__Problem description__
Please return every line of the records below that contains the word "color".

__Source data__
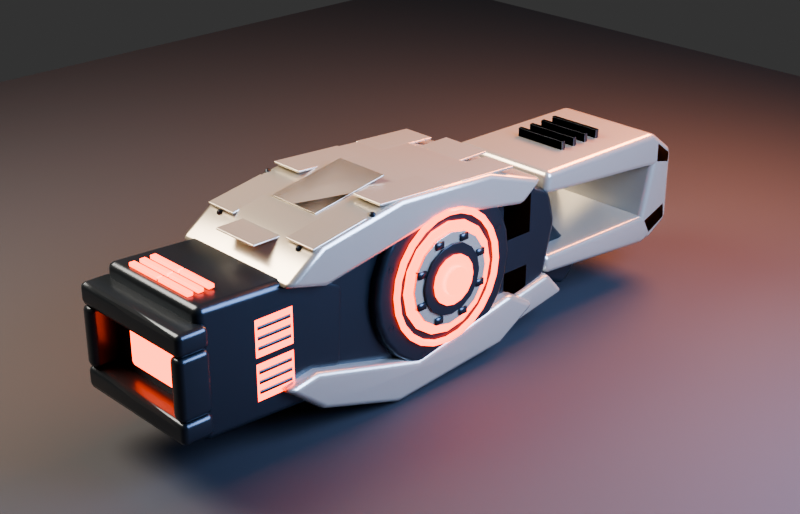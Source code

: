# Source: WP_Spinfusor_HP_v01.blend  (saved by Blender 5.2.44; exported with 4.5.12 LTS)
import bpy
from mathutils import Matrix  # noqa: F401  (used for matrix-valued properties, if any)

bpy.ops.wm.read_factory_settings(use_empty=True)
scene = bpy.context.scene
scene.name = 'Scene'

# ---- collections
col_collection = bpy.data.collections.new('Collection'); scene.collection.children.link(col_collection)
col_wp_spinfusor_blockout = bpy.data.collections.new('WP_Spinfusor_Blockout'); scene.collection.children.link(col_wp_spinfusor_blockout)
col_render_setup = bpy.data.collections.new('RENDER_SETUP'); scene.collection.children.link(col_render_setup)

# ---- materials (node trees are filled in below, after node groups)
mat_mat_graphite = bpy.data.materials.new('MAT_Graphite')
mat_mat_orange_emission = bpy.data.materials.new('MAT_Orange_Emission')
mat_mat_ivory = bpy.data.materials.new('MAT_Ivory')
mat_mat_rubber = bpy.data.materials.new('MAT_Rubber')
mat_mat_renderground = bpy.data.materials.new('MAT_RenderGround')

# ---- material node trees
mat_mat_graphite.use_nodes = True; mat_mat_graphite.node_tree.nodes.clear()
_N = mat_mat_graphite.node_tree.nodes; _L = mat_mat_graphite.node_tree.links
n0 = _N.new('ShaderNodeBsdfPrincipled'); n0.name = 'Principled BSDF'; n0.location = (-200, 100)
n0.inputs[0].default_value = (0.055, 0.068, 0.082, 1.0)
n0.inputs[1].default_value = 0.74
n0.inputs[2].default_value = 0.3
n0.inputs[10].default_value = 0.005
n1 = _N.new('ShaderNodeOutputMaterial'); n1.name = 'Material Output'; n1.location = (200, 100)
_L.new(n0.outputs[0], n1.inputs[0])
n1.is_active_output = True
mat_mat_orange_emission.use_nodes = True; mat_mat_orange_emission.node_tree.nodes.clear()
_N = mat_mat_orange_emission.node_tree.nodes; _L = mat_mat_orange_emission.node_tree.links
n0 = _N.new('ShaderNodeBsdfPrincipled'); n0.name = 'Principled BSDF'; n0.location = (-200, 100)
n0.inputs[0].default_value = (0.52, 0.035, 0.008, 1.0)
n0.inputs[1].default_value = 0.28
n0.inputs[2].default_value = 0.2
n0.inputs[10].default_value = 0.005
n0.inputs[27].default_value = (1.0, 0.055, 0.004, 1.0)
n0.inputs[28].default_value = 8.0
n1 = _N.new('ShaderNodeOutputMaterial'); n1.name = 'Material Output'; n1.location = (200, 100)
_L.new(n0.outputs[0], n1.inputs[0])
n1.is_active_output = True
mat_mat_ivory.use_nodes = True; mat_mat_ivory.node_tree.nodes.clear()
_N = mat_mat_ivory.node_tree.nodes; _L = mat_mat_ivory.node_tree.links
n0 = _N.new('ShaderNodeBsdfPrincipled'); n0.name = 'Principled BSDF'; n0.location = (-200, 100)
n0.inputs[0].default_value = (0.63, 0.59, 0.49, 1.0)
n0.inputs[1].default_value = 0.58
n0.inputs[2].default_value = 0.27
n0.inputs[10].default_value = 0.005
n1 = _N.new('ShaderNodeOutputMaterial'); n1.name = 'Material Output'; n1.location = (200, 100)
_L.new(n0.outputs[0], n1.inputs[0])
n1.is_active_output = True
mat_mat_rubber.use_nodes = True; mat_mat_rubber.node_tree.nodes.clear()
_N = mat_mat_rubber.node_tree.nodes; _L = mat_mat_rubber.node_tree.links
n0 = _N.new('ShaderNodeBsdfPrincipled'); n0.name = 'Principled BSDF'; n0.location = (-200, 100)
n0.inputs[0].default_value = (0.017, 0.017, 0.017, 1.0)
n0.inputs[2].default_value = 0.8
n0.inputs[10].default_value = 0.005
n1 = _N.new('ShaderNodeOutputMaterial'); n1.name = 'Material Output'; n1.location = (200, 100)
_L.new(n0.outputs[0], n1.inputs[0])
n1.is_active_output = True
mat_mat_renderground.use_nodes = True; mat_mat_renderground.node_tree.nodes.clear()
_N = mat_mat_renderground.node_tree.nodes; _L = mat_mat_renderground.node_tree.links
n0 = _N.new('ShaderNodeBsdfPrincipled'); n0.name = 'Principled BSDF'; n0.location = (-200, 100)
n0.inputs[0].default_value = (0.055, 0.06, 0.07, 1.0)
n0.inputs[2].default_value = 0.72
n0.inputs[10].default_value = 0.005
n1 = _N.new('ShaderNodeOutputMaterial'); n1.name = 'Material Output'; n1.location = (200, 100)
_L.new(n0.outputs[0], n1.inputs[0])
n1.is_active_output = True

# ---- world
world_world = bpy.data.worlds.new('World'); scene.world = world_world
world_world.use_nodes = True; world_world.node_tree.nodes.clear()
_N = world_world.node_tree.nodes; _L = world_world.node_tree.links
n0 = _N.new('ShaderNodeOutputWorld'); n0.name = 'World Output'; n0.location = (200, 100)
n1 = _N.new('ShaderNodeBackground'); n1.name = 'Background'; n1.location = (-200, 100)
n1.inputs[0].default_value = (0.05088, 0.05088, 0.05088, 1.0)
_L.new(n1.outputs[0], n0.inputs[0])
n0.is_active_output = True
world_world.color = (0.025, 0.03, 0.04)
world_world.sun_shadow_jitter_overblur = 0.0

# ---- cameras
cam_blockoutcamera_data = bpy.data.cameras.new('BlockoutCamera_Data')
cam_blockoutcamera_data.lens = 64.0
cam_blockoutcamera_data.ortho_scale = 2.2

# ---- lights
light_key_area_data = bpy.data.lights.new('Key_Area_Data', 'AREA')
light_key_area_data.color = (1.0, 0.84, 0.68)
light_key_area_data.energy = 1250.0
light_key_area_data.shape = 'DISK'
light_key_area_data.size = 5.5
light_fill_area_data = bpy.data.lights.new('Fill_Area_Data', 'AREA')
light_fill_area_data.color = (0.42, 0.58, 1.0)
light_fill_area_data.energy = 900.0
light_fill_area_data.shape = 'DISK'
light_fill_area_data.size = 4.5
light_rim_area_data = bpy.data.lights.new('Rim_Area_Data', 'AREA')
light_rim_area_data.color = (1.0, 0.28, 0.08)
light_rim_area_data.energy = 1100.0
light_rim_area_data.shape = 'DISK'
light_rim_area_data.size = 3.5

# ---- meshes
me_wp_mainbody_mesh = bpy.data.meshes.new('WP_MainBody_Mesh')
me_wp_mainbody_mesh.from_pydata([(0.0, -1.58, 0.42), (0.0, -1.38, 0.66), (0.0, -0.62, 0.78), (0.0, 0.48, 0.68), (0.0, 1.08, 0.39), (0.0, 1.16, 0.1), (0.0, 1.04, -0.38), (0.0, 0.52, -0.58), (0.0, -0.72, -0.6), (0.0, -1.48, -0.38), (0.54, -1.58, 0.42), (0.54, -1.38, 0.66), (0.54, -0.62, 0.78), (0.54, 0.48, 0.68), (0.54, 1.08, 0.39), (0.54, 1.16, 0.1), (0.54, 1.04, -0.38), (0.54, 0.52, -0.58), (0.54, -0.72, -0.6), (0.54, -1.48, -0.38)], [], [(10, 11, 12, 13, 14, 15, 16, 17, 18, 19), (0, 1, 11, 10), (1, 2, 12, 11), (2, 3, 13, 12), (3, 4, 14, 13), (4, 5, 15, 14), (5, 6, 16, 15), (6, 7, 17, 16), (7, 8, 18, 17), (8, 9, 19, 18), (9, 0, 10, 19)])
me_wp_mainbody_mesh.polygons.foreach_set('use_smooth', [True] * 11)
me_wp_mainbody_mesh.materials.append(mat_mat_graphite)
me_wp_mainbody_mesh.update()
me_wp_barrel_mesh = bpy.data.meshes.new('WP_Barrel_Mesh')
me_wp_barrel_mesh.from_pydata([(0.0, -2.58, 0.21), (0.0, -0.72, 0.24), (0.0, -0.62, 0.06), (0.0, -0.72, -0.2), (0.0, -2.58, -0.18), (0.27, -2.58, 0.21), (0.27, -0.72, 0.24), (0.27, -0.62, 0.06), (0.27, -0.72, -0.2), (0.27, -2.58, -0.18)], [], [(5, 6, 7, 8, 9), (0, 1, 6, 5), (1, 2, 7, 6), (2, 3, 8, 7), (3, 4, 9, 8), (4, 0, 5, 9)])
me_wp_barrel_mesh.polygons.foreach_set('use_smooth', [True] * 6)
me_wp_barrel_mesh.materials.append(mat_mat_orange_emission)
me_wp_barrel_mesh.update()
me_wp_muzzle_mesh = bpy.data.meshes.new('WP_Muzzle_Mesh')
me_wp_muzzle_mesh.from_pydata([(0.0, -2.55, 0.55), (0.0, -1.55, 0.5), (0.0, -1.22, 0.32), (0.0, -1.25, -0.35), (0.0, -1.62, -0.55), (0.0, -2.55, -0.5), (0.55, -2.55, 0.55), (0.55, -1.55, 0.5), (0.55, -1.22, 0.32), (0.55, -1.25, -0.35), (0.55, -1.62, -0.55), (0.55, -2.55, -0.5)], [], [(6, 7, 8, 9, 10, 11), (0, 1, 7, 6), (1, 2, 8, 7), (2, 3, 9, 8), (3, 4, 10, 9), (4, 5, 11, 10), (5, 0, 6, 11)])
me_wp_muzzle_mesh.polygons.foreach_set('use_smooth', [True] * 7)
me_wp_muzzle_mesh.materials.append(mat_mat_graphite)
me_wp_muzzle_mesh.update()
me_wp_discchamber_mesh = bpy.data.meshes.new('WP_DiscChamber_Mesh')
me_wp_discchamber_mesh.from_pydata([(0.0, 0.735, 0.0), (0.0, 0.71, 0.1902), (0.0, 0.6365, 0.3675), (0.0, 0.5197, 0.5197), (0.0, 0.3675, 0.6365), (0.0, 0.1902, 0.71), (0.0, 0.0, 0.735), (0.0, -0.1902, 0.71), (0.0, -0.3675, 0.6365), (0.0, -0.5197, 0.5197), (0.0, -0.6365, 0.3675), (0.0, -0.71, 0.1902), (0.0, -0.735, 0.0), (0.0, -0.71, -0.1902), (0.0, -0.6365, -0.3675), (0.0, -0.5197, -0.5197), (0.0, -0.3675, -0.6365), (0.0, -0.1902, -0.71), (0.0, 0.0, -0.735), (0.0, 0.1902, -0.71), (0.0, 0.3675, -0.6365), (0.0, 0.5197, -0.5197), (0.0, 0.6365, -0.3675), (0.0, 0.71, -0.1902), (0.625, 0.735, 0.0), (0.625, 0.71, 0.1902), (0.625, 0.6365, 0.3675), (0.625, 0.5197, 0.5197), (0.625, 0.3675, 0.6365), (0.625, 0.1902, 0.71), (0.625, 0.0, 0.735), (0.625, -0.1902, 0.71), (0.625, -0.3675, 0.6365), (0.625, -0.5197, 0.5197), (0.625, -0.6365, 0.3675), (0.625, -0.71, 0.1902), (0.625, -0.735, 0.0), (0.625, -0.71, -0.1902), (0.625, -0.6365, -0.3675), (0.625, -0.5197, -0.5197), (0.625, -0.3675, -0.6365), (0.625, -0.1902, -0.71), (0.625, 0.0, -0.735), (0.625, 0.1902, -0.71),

__Reply__
world_world.color = (0.025, 0.03, 0.04)
light_key_area_data.color = (1.0, 0.84, 0.68)
light_fill_area_data.color = (0.42, 0.58, 1.0)
light_rim_area_data.color = (1.0, 0.28, 0.08)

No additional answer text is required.